* HOW TO COMPLETE THIS TASK:
Could you return each line of the material that has "Gain" in it?

* DATA IN THIS EXERCISE:
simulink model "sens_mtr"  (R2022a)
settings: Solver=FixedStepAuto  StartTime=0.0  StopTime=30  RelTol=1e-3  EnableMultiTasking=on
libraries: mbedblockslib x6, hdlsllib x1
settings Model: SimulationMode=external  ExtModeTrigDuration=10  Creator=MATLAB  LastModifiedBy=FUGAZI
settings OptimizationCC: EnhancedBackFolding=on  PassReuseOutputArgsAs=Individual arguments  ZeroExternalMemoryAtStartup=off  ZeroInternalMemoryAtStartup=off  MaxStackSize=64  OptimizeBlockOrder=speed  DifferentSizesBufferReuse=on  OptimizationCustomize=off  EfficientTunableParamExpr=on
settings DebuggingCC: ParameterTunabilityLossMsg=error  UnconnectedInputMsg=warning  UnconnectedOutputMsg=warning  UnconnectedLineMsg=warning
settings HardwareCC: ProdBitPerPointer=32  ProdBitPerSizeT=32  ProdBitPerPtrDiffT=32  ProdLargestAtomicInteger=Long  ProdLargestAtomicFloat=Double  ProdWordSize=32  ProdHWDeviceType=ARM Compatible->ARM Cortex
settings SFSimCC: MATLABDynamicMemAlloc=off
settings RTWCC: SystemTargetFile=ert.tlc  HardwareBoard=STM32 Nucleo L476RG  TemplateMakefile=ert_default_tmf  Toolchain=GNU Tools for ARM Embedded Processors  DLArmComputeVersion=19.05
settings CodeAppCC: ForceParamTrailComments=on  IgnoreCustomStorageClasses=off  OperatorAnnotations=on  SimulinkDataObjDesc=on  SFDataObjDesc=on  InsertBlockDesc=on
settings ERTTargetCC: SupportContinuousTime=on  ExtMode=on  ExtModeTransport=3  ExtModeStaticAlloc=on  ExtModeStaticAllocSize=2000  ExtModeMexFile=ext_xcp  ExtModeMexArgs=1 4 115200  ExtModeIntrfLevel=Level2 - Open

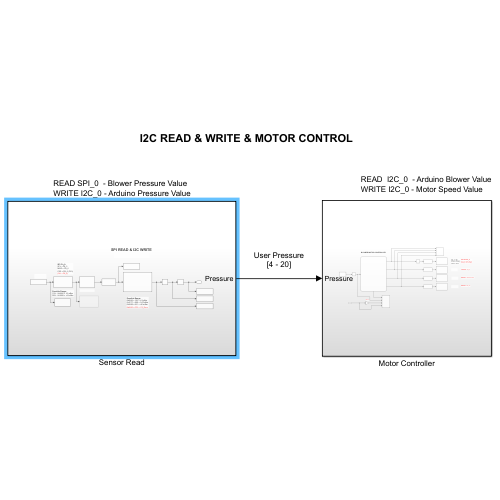
[thumbnail: Simulink's stored preview of the top-level diagram]
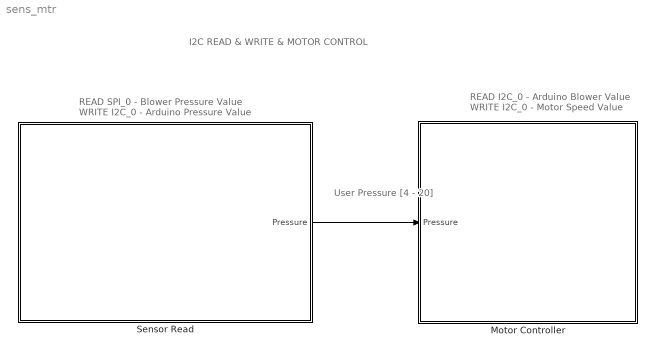
== system sens_mtr ==
  note: User Pressure
      | [4 - 20]
  note: READ SPI_0  - Blower Pressure Value
      | WRITE I2C_0 - Arduino Pressure Value
  note: I2C READ & WRITE & MOTOR CONTROL
  note: READ  I2C_0  - Arduino Blower Value
      | WRITE I2C_0 - Motor Speed Value
  Motor Controller : Subsystem
  Sensor Read : Subsystem
  wires:
  Sensor Read/1(Pressure) -> Motor Controller/1(Pressure)

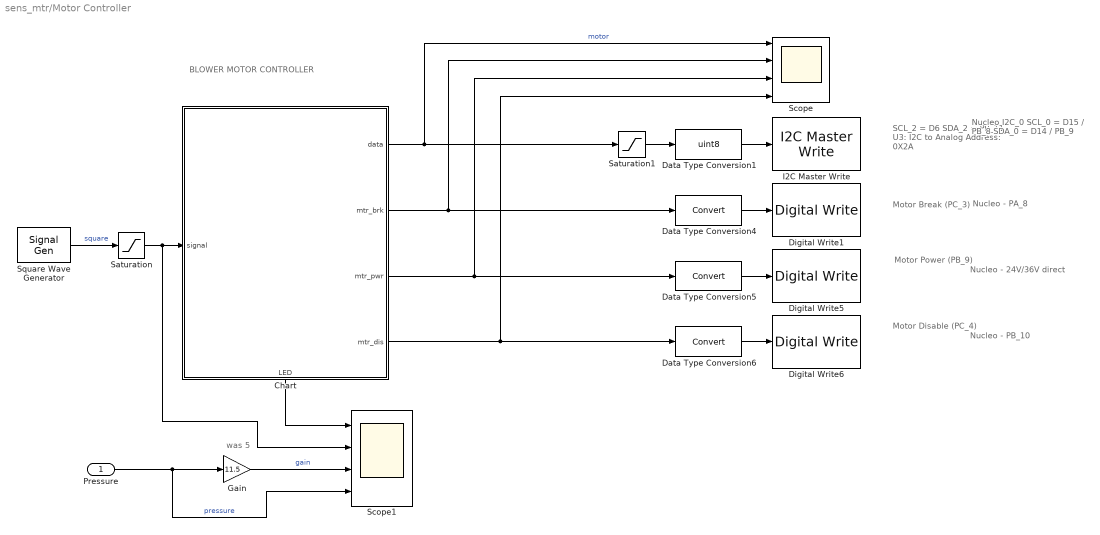
== system sens_mtr/Motor Controller ==
  note: SCL_2 = D6
      | SDA_2 = PB_11
      | U3: I2C to Analog
      | Address: 0X2A
  note: Motor Break
      | (PC_3)
  note: Nucleo - 24V/36V direct
  note: Nucleo - PA_8
  note: Motor Power
      | (PB_9)
  note: Nucleo - PB_10
  note: Motor Disable
      | (PC_4)
  note: Nucleo I2C_0
      | SCL_0 = D15 / PB_8
      | SDA_0 = D14 / PB_9
  note: BLOWER MOTOR CONTROLLER
  note: was 5
  Pressure : Inport
  Chart : Stateflow chart  TreatAsAtomicUnit=on
      settings: PortSchema="{\"entries\":[{\"content\":{\"sides\":[{\"content\":{\"connectorIds\":[\"In1\"]},\"type\":\"ConnectorPlacement.EquallySpacedRectSide\",\"uuid\":\"84df1b4c-bcc9-4224-82b8-1c5b48d4ce5e\"},{\"content\":{\"connectorIds\":[\"Out2\",\"Out3\",\"Out4\",\"Out5\"],\"side\":\"RIGHT\"},\"type\":\"ConnectorPlacement.EquallySpacedRectSide\",\"uuid\":\"0f01030b-4248-47e8-a062-25683a8f3c5c\"},{\"content\":{\"connectorIds\":[],\"side\":\"TOP\"},\"type\":\"ConnectorPlacement.EquallySpacedRectSide\",\"uuid\":\"6351dc8a-8e98-4eac-987b-04ccf0ec8d63\"},{\"content\":{\"connectorIds\":[\"Out1\"],\"side\":\"BOTTOM\"},\"type\":\"ConnectorPlacement.EquallySpacedRectSide\",\"uuid\":\"a1d3854a-5aa8-47eb-a7ef-8ca14fd1287b\"}]},\"type\":\"ConnectorPlacement.EquallySpacedConnector\",\"uuid\":\"a9f2218a-83d6-4a90-85f5-8ad6c25e541e\"}],\"packageUris\":[\"http://schema.mathworks.com/mf0/Connector/R2020b\"],\"version\":\"1.0\"}"
  Data Type Conversion1 : DataTypeConversion  OutDataTypeStr=uint8  SaturateOnIntegerOverflow=off  RndMeth=Floor
  Data Type Conversion4 : DataTypeConversion  SaturateOnIntegerOverflow=off  RndMeth=Floor
  Data Type Conversion5 : DataTypeConversion  SaturateOnIntegerOverflow=off  RndMeth=Floor
  Data Type Conversion6 : DataTypeConversion  SaturateOnIntegerOverflow=off  RndMeth=Floor
  Digital Write1 : mbedblockslib/Digital Write  Pin=PA_8  Direction=output
      settings: SourceProductBaseCode=MICROBIT,NUCLEO,STMICRODIS
  Digital Write5 : mbedblockslib/Digital Write  Pin=PB_5  Direction=output
      settings: SourceProductBaseCode=MICROBIT,NUCLEO,STMICRODIS
  Digital Write6 : mbedblockslib/Digital Write  Pin=PB_10  Direction=output
      settings: SourceProductBaseCode=MICROBIT,NUCLEO,STMICRODIS
  Gain : Gain  Gain=11.5
  I2C Master Write : mbedblockslib/I2C Master Write  I2CModule=0  Mode=Master  SlaveAddress=uint8(hex2dec('2A'))  SlaveByteOrder=BigEndian  Direction=Transmitter  RegisterAddressMode=on  RegisterAddress=uint8(hex2dec('10'))  SlaveDataType=uint8  DataLength=2  NoAck=off  RepeatedStart=off  OutputStatus=off
      settings: SourceProductBaseCode=MICROBIT,NUCLEO,STMICRODIS
  Saturation : Saturate  UpperLimit=250  LowerLimit=15
  Saturation1 : Saturate  UpperLimit=250  LowerLimit=0
  Scope : Scope  NumInputPorts=4
  Scope1 : Scope  NumInputPorts=4
  Square Wave Generator : SignalGenerator  WaveForm=square  Amplitude=100  Units=rad/sec
  wires:
  Data Type Conversion1/1 -> I2C Master Write/1
  Data Type Conversion5/1 -> Digital Write5/1
  Chart/5(mtr_dis) -> Scope/4, Data Type Conversion6/1
  Data Type Conversion4/1 -> Digital Write1/1
  Data Type Conversion6/1 -> Digital Write6/1
  Saturation/1 -> Chart/1(signal), Scope1/2
  Square Wave Generator/1 -> Saturation/1  "square"
  Chart/4(mtr_pwr) -> Scope/3, Data Type Conversion5/1
  Chart/2(data) -> Scope/1, Saturation1/1  "motor"
  Chart/3(mtr_brk) -> Scope/2, Data Type Conversion4/1
  Chart/1(LED) -> Scope1/1
  Pressure/1 -> Scope1/4, Gain/1  "pressure"
  Gain/1 -> Scope1/3  "gain"
  Saturation1/1 -> Data Type Conversion1/1

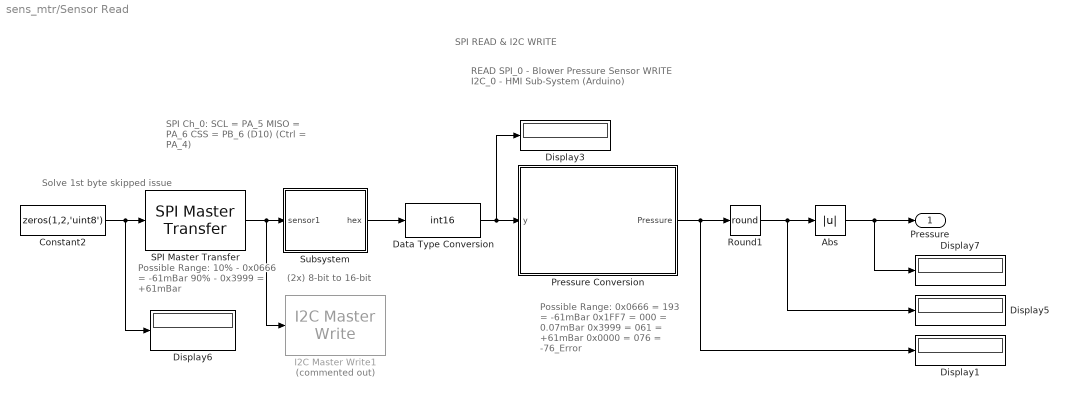
== system sens_mtr/Sensor Read ==
  note: (2x) 8-bit to 16-bit
  note: SPI READ & I2C WRITE
  note: READ SPI_0  -  Blower Pressure Sensor
      | WRITE I2C_0 - HMI Sub-System (Arduino)
  note: SPI Ch_0:
      | SCL = PA_5
      | MISO = PA_6
      | CSS = PB_6 (D10)
      | (Ctrl = PA_4)
  note: Possible Range:
      | 10% - 0x0666 = -61mBar
      | 90% - 0x3999 = +61mBar
  note: Possible Range:
      | 0x0666 = 193 = -61mBar
      | 0x1FF7 = 000 = 0.07mBar
      | 0x3999 = 061 = +61mBar
      | 0x0000 = 076 = -76_Error
  note: Solve 1st byte
      | skipped issue
  Abs : Abs  SaturateOnIntegerOverflow=off
  Constant2 : Constant  Value=zeros(1,2,'uint8')  OutDataTypeStr=uint8
  Data Type Conversion : DataTypeConversion  OutDataTypeStr=int16  SaturateOnIntegerOverflow=off  RndMeth=Floor
  Display{1,3,5..7} (5 alike) : Display
      Display3 settings: Format=hex (Stored Integer)
      Display6 settings: Format=hex (Stored Integer)
  I2C Master Write1 : mbedblockslib/I2C Master Write  Commented=on  I2CModule=0  Mode=Master  SlaveAddress=uint8(hex2dec('55'))  SlaveByteOrder=BigEndian  Direction=Transmitter  RegisterAddressMode=off  RegisterAddress=uint8(hex2dec('11'))  SlaveDataType=uint8  DataLength=2  NoAck=off  RepeatedStart=off  OutputStatus=off
      settings: SourceProductBaseCode=MICROBIT,NUCLEO,STMICRODIS
  Pressure Conversion : Subsystem
  Round1 : Rounding  Operator=round
  SPI Master Transfer : mbedblockslib/SPI Master Transfer  SPIModule=0  Mode=Master  BusSpeed=uint32( 1000000 )  Pin=PB_6  FirstBitToTransfer=Most significant bit (MSB)  ClockMode=0  BlockFunction=Transfer  RegisterAddress=0  OutputDataType=int8  OutputDataLength=1  UseCustomSSPin=Explicit GPIO calls  ActiveLowSSPin=Active low
      settings: SourceProductBaseCode=MICROBIT,NUCLEO,STMICRODIS
  Subsystem : Subsystem
  Pressure : Outport
  wires:
  SPI Master Transfer/1 -> I2C Master Write1/1, Subsystem/1(sensor1)
  Subsystem/1(hex) -> Data Type Conversion/1
  Data Type Conversion/1 -> Display3/1, Pressure Conversion/1(y)
  Pressure Conversion/1(Pressure) -> Display1/1, Round1/1
  Constant2/1 -> Display6/1, SPI Master Transfer/1
  Round1/1 -> Abs/1, Display5/1
  Abs/1 -> Display7/1, Pressure/1

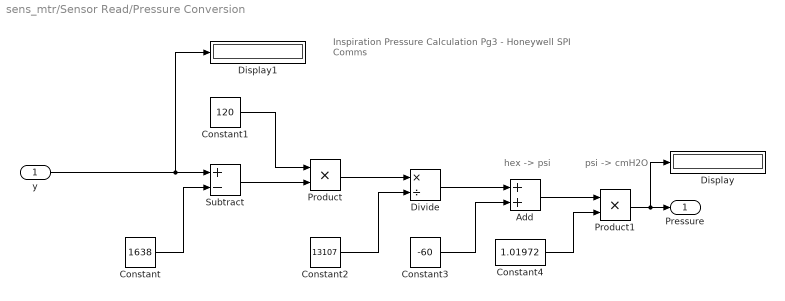
== system sens_mtr/Sensor Read/Pressure Conversion ==
  note: psi -> cmH2O
  note: Inspiration Pressure Calculation
      | Pg3 - Honeywell SPI Comms
  note: hex -> psi
  y : Inport
  Add : Sum
  Constant : Constant  Value=1638
  Constant1 : Constant  Value=120
  Constant2 : Constant  Value=13107
  Constant3 : Constant  Value=-60
  Constant4 : Constant  Value=1.01972
  Display : Display
  Display1 : Display
      settings: Format=hex (Stored Integer)
  Divide : Product  Inputs=*/
  Product : Product
  Product1 : Product
  Subtract : Sum  Inputs=+-
  Pressure : Outport
  wires:
  Constant/1 -> Subtract/2
  Subtract/1 -> Product/2
  Constant1/1 -> Product/1
  Product/1 -> Divide/1
  Constant2/1 -> Divide/2
  Constant3/1 -> Add/2
  Divide/1 -> Add/1
  Add/1 -> Product1/1
  Constant4/1 -> Product1/2
  Product1/1 -> Display/1, Pressure/1
  y/1 -> Display1/1, Subtract/1

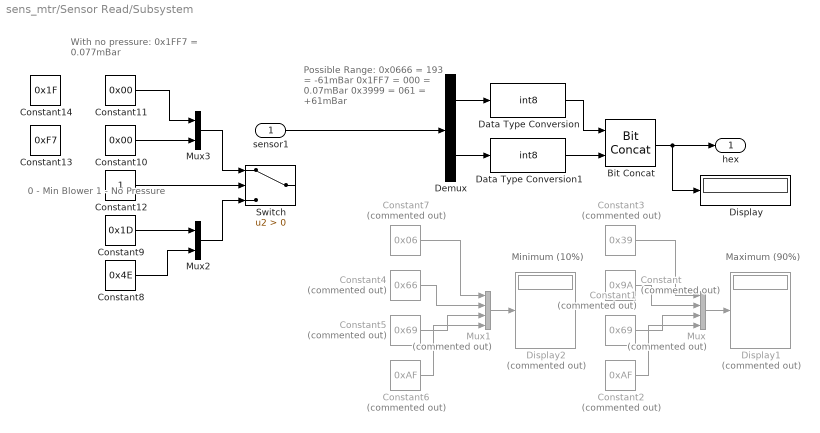
== system sens_mtr/Sensor Read/Subsystem ==
  note: 0 - Min Blower
      | 1 - No Pressure
  note: With no pressure:
      | 0x1FF7 = 0.077mBar
  note: Maximum (90%)
  note: Minimum (10%)
  note: Possible Range:
      | 0x0666 = 193 = -61mBar
      | 0x1FF7 = 000 = 0.07mBar
      | 0x3999 = 061 = +61mBar
  sensor1 : Inport
  Bit Concat : hdlsllib/Logic and Bit Operations/Bit Concat  numInputs=2
  Constant : Constant  Commented=on  Value=0x9A
  Constant1 : Constant  Commented=on  Value=0x69
  Constant10 : Constant  Value=0x00
  Constant11 : Constant  Value=0x00
  Constant12 : Constant
  Constant13 : Constant  Value=0xF7
  Constant14 : Constant  Value=0x1F
  Constant2 : Constant  Commented=on  Value=0xAF
  Constant3 : Constant  Commented=on  Value=0x39
  Constant4 : Constant  Commented=on  Value=0x66
  Constant5 : Constant  Commented=on  Value=0x69
  Constant6 : Constant  Commented=on  Value=0xAF
  Constant7 : Constant  Commented=on  Value=0x06
  Constant8 : Constant  Value=0x4E
  Constant9 : Constant  Value=0x1D
  Data Type Conversion : DataTypeConversion  OutDataTypeStr=int8  SaturateOnIntegerOverflow=off  RndMeth=Floor
  Data Type Conversion1 : DataTypeConversion  OutDataTypeStr=int8  SaturateOnIntegerOverflow=off  RndMeth=Floor
  Demux : Demux  Outputs=2
  Display : Display
      settings: Format=hex (Stored Integer)
  Display1 : Display  Commented=on
      settings: Format=hex (Stored Integer)
  Display2 : Display  Commented=on
      settings: Format=hex (Stored Integer)
  Mux : Mux  Commented=on
  Mux1 : Mux  Commented=on
  Mux2 : Mux  Inputs=2
  Mux3 : Mux  Inputs=2
  Switch : Switch  Criteria=u2 > Threshold  SaturateOnIntegerOverflow=off  InputSameDT=off
  hex : Outport
  wires:
  Constant3/1 -> Mux/1
  Constant/1 -> Mux/2
  Constant1/1 -> Mux/3
  Constant2/1 -> Mux/4
  Data Type Conversion/1 -> Bit Concat/1
  Data Type Conversion1/1 -> Bit Concat/2
  Demux/1 -> Data Type Conversion/1
  Demux/2 -> Data Type Conversion1/1
  Bit Concat/1 -> hex/1, Display/1
  Mux/1 -> Display1/1
  Mux1/1 -> Display2/1
  Constant7/1 -> Mux1/1
  Constant6/1 -> Mux1/4
  Constant5/1 -> Mux1/3
  Constant4/1 -> Mux1/2
  Constant9/1 -> Mux2/1
  Constant8/1 -> Mux2/2
  Constant10/1 -> Mux3/2
  Constant11/1 -> Mux3/1
  Constant12/1 -> Switch/2
  Mux3/1 -> Switch/1
  Mux2/1 -> Switch/3
  sensor1/1 -> Demux/1

== stateflow chart sens_mtr/Motor Controller/Chart ==
  state RUN % Startup Sequence
    state Start_1 % Main Power
      entry:
      mtr_dis = 1; % enabled
      LED = 1; % debug
      exit:
    state Start_2 % Motor Brake
      entry:
      mtr_brk = 1; % Disable
      LED = 0; % debug
      exit:
    state Start_3 % Motor Disable
      entry:
      mtr_pwr = 1; % ON
      LED = 1; % debug
      exit:
    state Start_4 % I2C to Anal.
      entry:
      data = signal; % half spd
      LED = 0; % debug
      exit: %signal = 20;
    (default) -> Start_1 % Main Power
    Start_1 % Main Power -> Start_2 % Motor Brake : after(1,sec)
    Start_2 % Motor Brake -> Start_3 % Motor Disable : after(1,sec)
    Start_3 % Motor Disable -> Start_4 % I2C to Anal. : after(1,sec)
  state Loop % Continuous Update
    state variable_1 % new data
      entry:
      data = signal;
      LED = 1; % debug
      exit:
    state variable_2 % new data
      entry:
      data = signal;
      LED = 0; % debug
      exit:
    (default) -> variable_1 % new data
    variable_2 % new data -> variable_1 % new data : after(3,sec)
    variable_1 % new data -> variable_2 % new data : after(3,sec)
  state SHUTDOWN % Run-Down
    state Stop_1 % I2C to Anal.
      entry:
      data = 0; % slowest?
      LED = 1;
      exit:
    state Stop_2 % Motor Brake
      entry:
      mtr_dis = 0; % slow
      LED = 0; % debug
      exit:
    state Stop_3 % Motor Disable
      entry:
      mtr_brk = 0; % Enable
      LED = 1; % debug
      exit:
    state Stop_4 % Main Power
      entry:
      mtr_pwr = 0; % OFF
      LED = 0; % debug
      exit:
    (default) -> Stop_1 % I2C to Anal.
    Stop_1 % I2C to Anal. -> Stop_2 % Motor Brake : after(2,sec)
    Stop_2 % Motor Brake -> Stop_3 % Motor Disable : after(1,sec)
    Stop_3 % Motor Disable -> Stop_4 % Main Power : after(2,sec)
  note: Power On first
      | then break & disable?
      | or Power after?
  note: What are all of their
      | initial states?
      | (on power up)
  note: BRAKE PIN:
      | Enabled = <0.8V or Gnd
      | Deactivated = >2.4V or Not wired
  note: DISABLE PIN:
      | Disable = <0.8V or Gnd
      | Enable = >2.4V or Not wired
  note: Speed Values:
      | 0xBF = 3/4 Vout
      | 0x7F = 1/2 Vout
      | 0x40 = 1/4 Vout
  note: LOOP BACK TO START-UP
  (default) -> RUN % Startup Sequence
  RUN % Startup Sequence -> Loop % Continuous Update : after(4, sec)
  Loop % Continuous Update -> SHUTDOWN % Run-Down : after(29,sec)
  data: LED output; data output; mtr_brk output; mtr_pwr output; mtr_dis output; signal input

* COMPLETED TASK:
  Gain : Gain  Gain=11.5
  Pressure/1 -> Scope1/4, Gain/1  "pressure"
  Gain/1 -> Scope1/3  "gain"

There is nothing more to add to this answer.